L’ÉGLISE SAINT PAUL-SAINT LOUIS À PARIS


Je vous propose de nous rendre aujourd’hui en plein cœur du quartier du Marais, à Paris, lieu résidentiel de l’aristocratie jusqu’à la Révolution, abandonné au 19e siècle, puis restauré dans les années 1960 par André Malraux, avant de devenir un quartier branché, commercial, culturel et couru de la vie nocturne, dans les années 1990. Mais aujourd’hui, pas de verre en terrasse prévu (ou peut-être plus tard) mais la visite de la très belle église Saint Paul-Saint Louis, au 99 rue Saint-Antoine, près du métro Saint-Paul (ligne 1).

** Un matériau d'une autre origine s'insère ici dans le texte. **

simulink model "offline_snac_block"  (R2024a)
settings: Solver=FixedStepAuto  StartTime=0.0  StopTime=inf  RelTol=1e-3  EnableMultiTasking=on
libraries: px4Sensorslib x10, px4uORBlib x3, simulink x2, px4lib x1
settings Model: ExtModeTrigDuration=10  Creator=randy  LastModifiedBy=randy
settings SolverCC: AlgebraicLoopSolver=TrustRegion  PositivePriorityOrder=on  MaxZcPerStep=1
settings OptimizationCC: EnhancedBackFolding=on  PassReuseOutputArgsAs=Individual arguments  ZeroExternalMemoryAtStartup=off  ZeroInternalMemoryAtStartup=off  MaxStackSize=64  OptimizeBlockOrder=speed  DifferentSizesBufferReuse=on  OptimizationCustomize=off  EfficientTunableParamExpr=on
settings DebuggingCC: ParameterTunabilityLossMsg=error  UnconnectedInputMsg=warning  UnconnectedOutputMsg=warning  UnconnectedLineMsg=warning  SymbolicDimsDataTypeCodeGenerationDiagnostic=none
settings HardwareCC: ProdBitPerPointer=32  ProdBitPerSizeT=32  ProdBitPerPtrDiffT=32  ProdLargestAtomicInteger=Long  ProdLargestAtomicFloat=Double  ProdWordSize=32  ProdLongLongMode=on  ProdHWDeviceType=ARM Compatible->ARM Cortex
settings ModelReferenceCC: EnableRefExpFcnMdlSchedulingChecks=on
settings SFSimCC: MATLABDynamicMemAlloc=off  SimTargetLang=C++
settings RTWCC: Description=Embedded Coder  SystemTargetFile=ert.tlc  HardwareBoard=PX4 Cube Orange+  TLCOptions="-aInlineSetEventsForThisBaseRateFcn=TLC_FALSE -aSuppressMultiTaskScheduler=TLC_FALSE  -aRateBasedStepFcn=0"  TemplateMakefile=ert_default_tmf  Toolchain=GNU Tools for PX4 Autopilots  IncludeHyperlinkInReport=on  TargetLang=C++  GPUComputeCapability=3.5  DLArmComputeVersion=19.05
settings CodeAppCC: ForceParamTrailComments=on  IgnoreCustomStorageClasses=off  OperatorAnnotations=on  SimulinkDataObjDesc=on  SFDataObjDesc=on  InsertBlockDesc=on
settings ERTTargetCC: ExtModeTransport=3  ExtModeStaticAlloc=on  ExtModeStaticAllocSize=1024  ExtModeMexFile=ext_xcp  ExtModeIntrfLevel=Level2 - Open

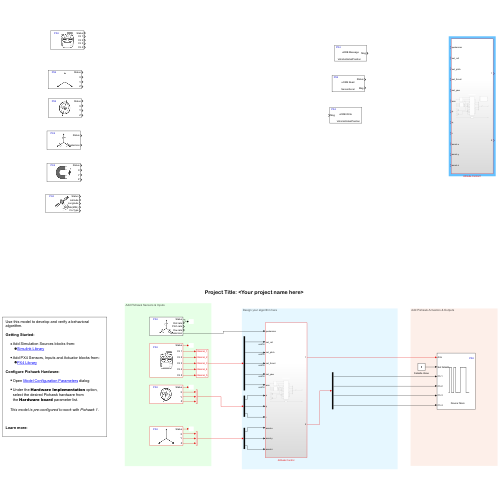
[thumbnail: Simulink's stored preview of the top-level diagram]
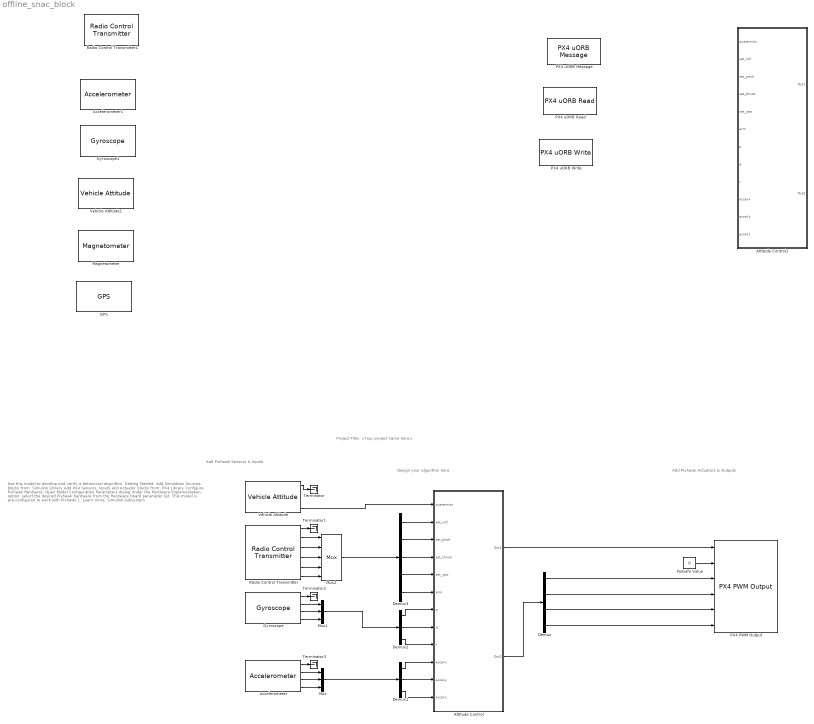
== system offline_snac_block ==
  note: Project Title: <Your project name here>
  note: Use this model to develop and verify a behavioral algorithm.
      |
      | Getting Started:
      |
      | Add Simulation Sources blocks from:
      | Simulink Library
      |
      | Add PX4 Sensors, Inputs and Actuator blocks from:
      | PX4 Library
      |
      | Configure Pixhawk Hardware:
      |
      | Open Model Configuration Parameters dialog
      |
      | Under the Hardware Implementation option, select the desired Pixhawk hardware from the Hardware board parameter list.
      |
      | This model is pre-configured to work with Pixhawk 1.
      |
      | Learn more:
      |
      | Simulink Subsystem
  note: Add Pixhawk Sensors & Inputs
  note: Design your algorithm here
  note: Add Pixhawk Actuators & Outputs
  Accelerometer : px4Sensorslib/Accelerometer  uorbTimeStamp=off  BlockingMode=off  BlockTimeout=1e-3  sampleTime=1/250
  Accelerometer1 : px4Sensorslib/Accelerometer  uorbTimeStamp=off  BlockingMode=off  BlockTimeout=1e-3  sampleTime=1/250
  Attitude Control : Subsystem
  Attitude Control1 : Subsystem
  Demux : Demux
  Demux1 : Demux  Outputs=3
  Demux2 : Demux  Outputs=3
  Demux3 : Demux  Outputs=5
  Failsafe Value : Constant  Value=0  OutDataTypeStr=boolean  SampleTime=-1
  GPS : px4Sensorslib/GPS  lat=on  lon=on  alt=on  velocity=off  course=off  gpsfix=on  numsat=off  timestamp_utc=off  BlockingMode=off  BlockTimeout=1e-3  dop=off  vel_ned=off  alt_ellipsoid=off  jamm_ind=off  timestamp=off  sampleTime=1/250
  Gyroscope : px4Sensorslib/Gyroscope  uorbTimeStamp=off  BlockingMode=off  BlockTimeout=1e-3  sampleTime=1/250
  Gyroscope1 : px4Sensorslib/Gyroscope  uorbTimeStamp=off  BlockingMode=off  BlockTimeout=1e-3  sampleTime=1/250
  Magnetometer : px4Sensorslib/Magnetometer  uorbTimeStamp=off  BlockingMode=off  BlockTimeout=1e-3  sampleTime=1/250
  Mux : Mux  Inputs=3
  Mux1 : Mux  Inputs=3
  Mux2 : Mux  Inputs=5
      settings: DisplayOption=signals
  PX4 PWM Output : px4lib/PX4 PWM Output  pwmDevice=Main  pwmChannel1_=on  pwmChannel2_=on  pwmChannel3_=on  pwmChannel4_=on  pwmChannel5_=off  pwmChannel6_=off  pwmChannel7_=off  pwmChannel8_=off
  PX4 uORB Message : px4uORBlib/PX4 uORB Message  uORBTopic=VehicleGlobalPosition  SampleTime=inf  selectInstance=vehicle_gps_position
  PX4 uORB Read : px4uORBlib/PX4 uORB Read  uORBTopic=SensorAccel  selectInstance=SensorAccel  SampleTime=0.001  BlockingMode=off  BlockTimeout=1e-3
  PX4 uORB Write : px4uORBlib/PX4 uORB Write  uORBTopic=VehicleGlobalPosition  selectInstance=vehicle_gps_position  MessageQueueLen=1
  Radio Control Transmitter : px4Sensorslib/Radio Control Transmitter  channel1=on  channel2=on  channel3=on  channel4=on  channel5=on  channel6=off  channel7=off  channel8=off  channel_count=off  rssi=off  rc_input_source=off  timestamp_last_signal=off  time_stamp=off  sampleTime=1/250  BlockingMode=off  BlockTimeout=5
  Radio Control Transmitter1 : px4Sensorslib/Radio Control Transmitter  channel1=on  channel2=on  channel3=on  channel4=on  channel5=off  channel6=off  channel7=off  channel8=off  channel_count=off  rssi=off  rc_input_source=off  timestamp_last_signal=off  time_stamp=off  sampleTime=1/250  BlockingMode=off  BlockTimeout=5
  Terminator{,1..3} (4 alike) : Terminator
  Vehicle Attitude : px4Sensorslib/Vehicle Attitude  rollRate=on  pitchRate=on  yawRate=on  quaternion=on  uorbTimeStamp=off  BlockingMode=off  BlockTimeout=0.001  sampleTime=1/250
  Vehicle Attitude1 : px4Sensorslib/Vehicle Attitude  rollRate=off  pitchRate=off  yawRate=off  quaternion=on  uorbTimeStamp=off  BlockingMode=off  BlockTimeout=0.001  sampleTime=1/250
  wires:
  Vehicle Attitude/5 -> Attitude Control/1(quaternion)
  Vehicle Attitude/1 -> Terminator/1
  Radio Control Transmitter/1 -> Terminator1/1
  Gyroscope/1 -> Terminator2/1
  Accelerometer/1 -> Terminator3/1
  Failsafe Value/1 -> PX4 PWM Output/2
  Attitude Control/1(Out1) -> PX4 PWM Output/1
  Attitude Control/2(Out2) -> Demux/1
  Demux/4 -> PX4 PWM Output/6
  Demux/3 -> PX4 PWM Output/5
  Demux/2 -> PX4 PWM Output/4
  Demux/1 -> PX4 PWM Output/3
  Accelerometer/3 -> Mux/2
  Accelerometer/2 -> Mux/1
  Accelerometer/4 -> Mux/3
  Mux/1 -> Demux1/1
  Demux1/3 -> Attitude Control/12(accel-z)
  Demux1/2 -> Attitude Control/11(accel-y)
  Demux1/1 -> Attitude Control/10(accel-x)
  Mux1/1 -> Demux2/1
  Gyroscope/2 -> Mux1/1
  Gyroscope/3 -> Mux1/2
  Gyroscope/4 -> Mux1/3
  Demux2/1 -> Attitude Control/7(p)
  Demux2/2 -> Attitude Control/8(q)
  Demux2/3 -> Attitude Control/9(r)
  Mux2/1 -> Demux3/1
  Radio Control Transmitter/2 -> Mux2/1
  Radio Control Transmitter/3 -> Mux2/2
  Radio Control Transmitter/4 -> Mux2/3
  Radio Control Transmitter/5 -> Mux2/4
  Radio Control Transmitter/6 -> Mux2/5
  Demux3/2 -> Attitude Control/3(set_pitch)
  Demux3/3 -> Attitude Control/4(set_thrust)
  Demux3/1 -> Attitude Control/2(set_roll)
  Demux3/4 -> Attitude Control/5(set_yaw)
  Demux3/5 -> Attitude Control/6(arm)

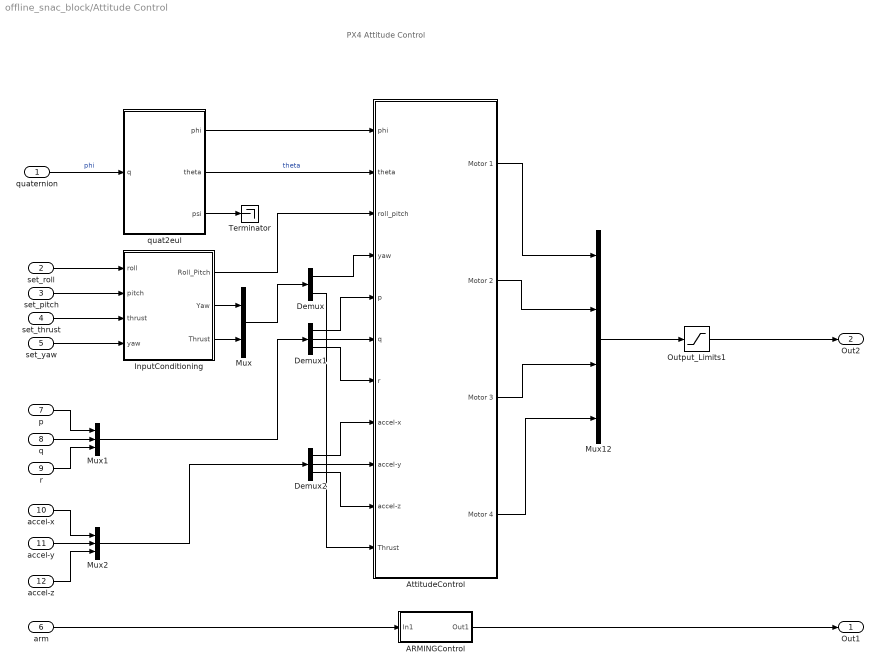
== system offline_snac_block/Attitude Control ==
  note: PX4 Attitude Control
  quaternion : Inport
  set_roll : Inport  Port=2  OutDataTypeStr=uint16
  set_pitch : Inport  Port=3  OutDataTypeStr=uint16
  set_thrust : Inport  Port=4  OutDataTypeStr=uint16
  set_yaw : Inport  Port=5  OutDataTypeStr=uint16
  arm : Inport  Port=6  OutDataTypeStr=uint16
  p : Inport  Port=7
  q : Inport  Port=8
  r : Inport  Port=9
  accel-x : Inport  Port=10
  accel-y : Inport  Port=11
  accel-z : Inport  Port=12
  ARMINGControl : Subsystem
  AttitudeControl : Subsystem
  Demux : Demux  Outputs=2
  Demux1 : Demux  Outputs=3
  Demux2 : Demux  Outputs=3
  InputConditioning : Subsystem
  Mux : Mux  Inputs=2
  Mux1 : Mux  Inputs=3
  Mux12 : Mux
  Mux2 : Mux  Inputs=3
  Output_Limits1 : Saturate  UpperLimit=2000  LowerLimit=1000
  Terminator : Terminator
  quat2eul : MATLAB Function  TreatAsAtomicUnit=on
  Out1 : Outport  VectorParamsAs1DForOutWhenUnconnected=off
  Out2 : Outport  Port=2  VectorParamsAs1DForOutWhenUnconnected=off
  wires:
  set_pitch/1 -> InputConditioning/2(pitch)
  set_roll/1 -> InputConditioning/1(roll)
  arm/1 -> ARMINGControl/1(In1)
  quat2eul/2(theta) -> AttitudeControl/2(theta)  "theta"
  Output_Limits1/1 -> Out2/1
  set_thrust/1 -> InputConditioning/3(thrust)
  Mux12/1 -> Output_Limits1/1
  ARMINGControl/1(Out1) -> Out1/1
  set_yaw/1 -> InputConditioning/4(yaw)
  quaternion/1 -> quat2eul/1(q)  "phi"
  quat2eul/1(phi) -> AttitudeControl/1(phi)
  quat2eul/3(psi) -> Terminator/1
  AttitudeControl/1(Motor 1) -> Mux12/1
  AttitudeControl/2(Motor 2) -> Mux12/2
  AttitudeControl/3(Motor 3) -> Mux12/3
  AttitudeControl/4(Motor 4) -> Mux12/4
  Mux/1 -> Demux/1
  q/1 -> Mux1/2
  p/1 -> Mux1/1
  r/1 -> Mux1/3
  Mux1/1 -> Demux1/1
  Demux1/2 -> AttitudeControl/6(q)
  Demux1/1 -> AttitudeControl/5(p)
  Demux1/3 -> AttitudeControl/7(r)
  accel-y/1 -> Mux2/2
  accel-x/1 -> Mux2/1
  accel-z/1 -> Mux2/3
  Mux2/1 -> Demux2/1
  Demux2/2 -> AttitudeControl/9(accel-y)
  Demux2/1 -> AttitudeControl/8(accel-x)
  Demux2/3 -> AttitudeControl/10(accel-z)
  InputConditioning/2(Yaw) -> Mux/1
  InputConditioning/3(Thrust) -> Mux/2
  InputConditioning/1(Roll_Pitch) -> AttitudeControl/3(roll_pitch)
  Demux/1 -> AttitudeControl/4(yaw)
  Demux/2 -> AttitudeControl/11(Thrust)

Le terrain est offert par le roi Louis XIII (règne.1610-1643) aux Jésuites en 1627 afin d’y bâtir une église. Ces derniers sont installés dans le lycée Charlemagne voisin depuis 1580 où ils ont fondé une maison professe (résidence pour les prêtres jésuites). La première pierre de cette église dédiée à Saint Louis est posée le 16 mars 1627, et elle sera consacrée le 9 mai 1641 par une messe prononcée par le Cardinal de Richelieu. Réalisé par le père François Derand sur les plans du frère Martellange, l’édifice à l’architecture de style baroque italien s’inspire de l’église du Gesù à Rome. Parmi les prédicateurs qui y ont œuvré, le père Bourdaloue, dont les restes reposent dans la crypte, est le plus célèbre, contribuant par ses prêches à faire la renommée de l’église. Fermée à la Révolution, l’église Saint Louis est vidée de son riche mobilier, et les reliquaires des cœurs de Louis XIII et Louis XIV seront fondus (les cœurs, eux, seront réduits en poudre et mélangés à de l’huile par le peintre Saint-Martin qui utilisera cette substance pour ses peintures. Il paraît que cette mixture appelée ‘mumie’ est efficace pour glacer les toiles). De 1795 à 1804, le couvent attenant devient École centrale (établissement d'enseignement public créé sous la Révolution) puis lycée. L’église devient paroissiale en 1802 et prend le nom de Saint Paul-Saint Louis après que l’église Saint-Paul, située dans la rue voisine du même nom, a été détruite en 1799.


La façade agrémentée de colonnes classiques, refaite dans un style baroque flamand par Victor Baltard au 19e siècle, cache le superbe dôme que l’on découvre en prenant du recul. Sous la statue de Saint Louis située au troisième et dernier niveau, l’horloge est celle de l’ancienne église Saint-Paul. On notera par ailleurs sur la porte le S et le P puis le S et le L entrelacés pour Saint Paul et Saint Louis.


Entrons. De l’extérieur, on ne soupçonne pas combien l’intérieur est grandiose, notamment grâce au dôme et à sa lumière zénithale qui arrose tout l’édifice. A l’entrée, les deux coquilles de bénitiers ont été offertes par Victor Hugo qui habitait non loin place des Vosges.

La nef est bordée de plusieurs chapelles dédiées à Saint Vincent de Paul ou à Sainte Geneviève, mais il faut surtout s’attarder sur les deux sublimes chapelles du transept :

  • La chapelle de la Vierge dans le croisillon de droite du transept, dont la statue de la Vierge à l'Enfant, réalisée par Léonard Agathon (1828) trône au centre de l’autel offert en 1828 par la duchesse d'Angoulême, Marie-Thérèse de France, la fille ainée de Louis XVI et Marie-Antoinette qui a survécu à la prison du Temple et à la Révolution.

  • La chapelle du Sacré Cœur dans le croisillon gauche du transept, dont la statue du Sacré-Cœur de Jésus a été réalisée au 19e siècle par Jean-Marie Bonnassieux (1810-92).


L’autre chapelle remarquable, et l’un des points d’attraction de l’église, est la chapelle de la ‘Vierge de douleur’ dont la statue expressive, réalisée par Germain Pilon en 1586, avait été prévue par Catherine de Médicis pour la rotonde des Valois à la basilique Saint-Denis. Enfin, parmi tous les trésors dont elle rescelle, l’église accueille un autre chef-d’œuvre du 19e siècle : un tableau d’Eugène Delacroix, ‘Le Christ au jardin des Oliviers’ (1827).

Si vous passez dans le quartier du Marais, très riche de patrimoine, ne manquez pas de vous arrêter à l’église Saint Paul-Saint Louis.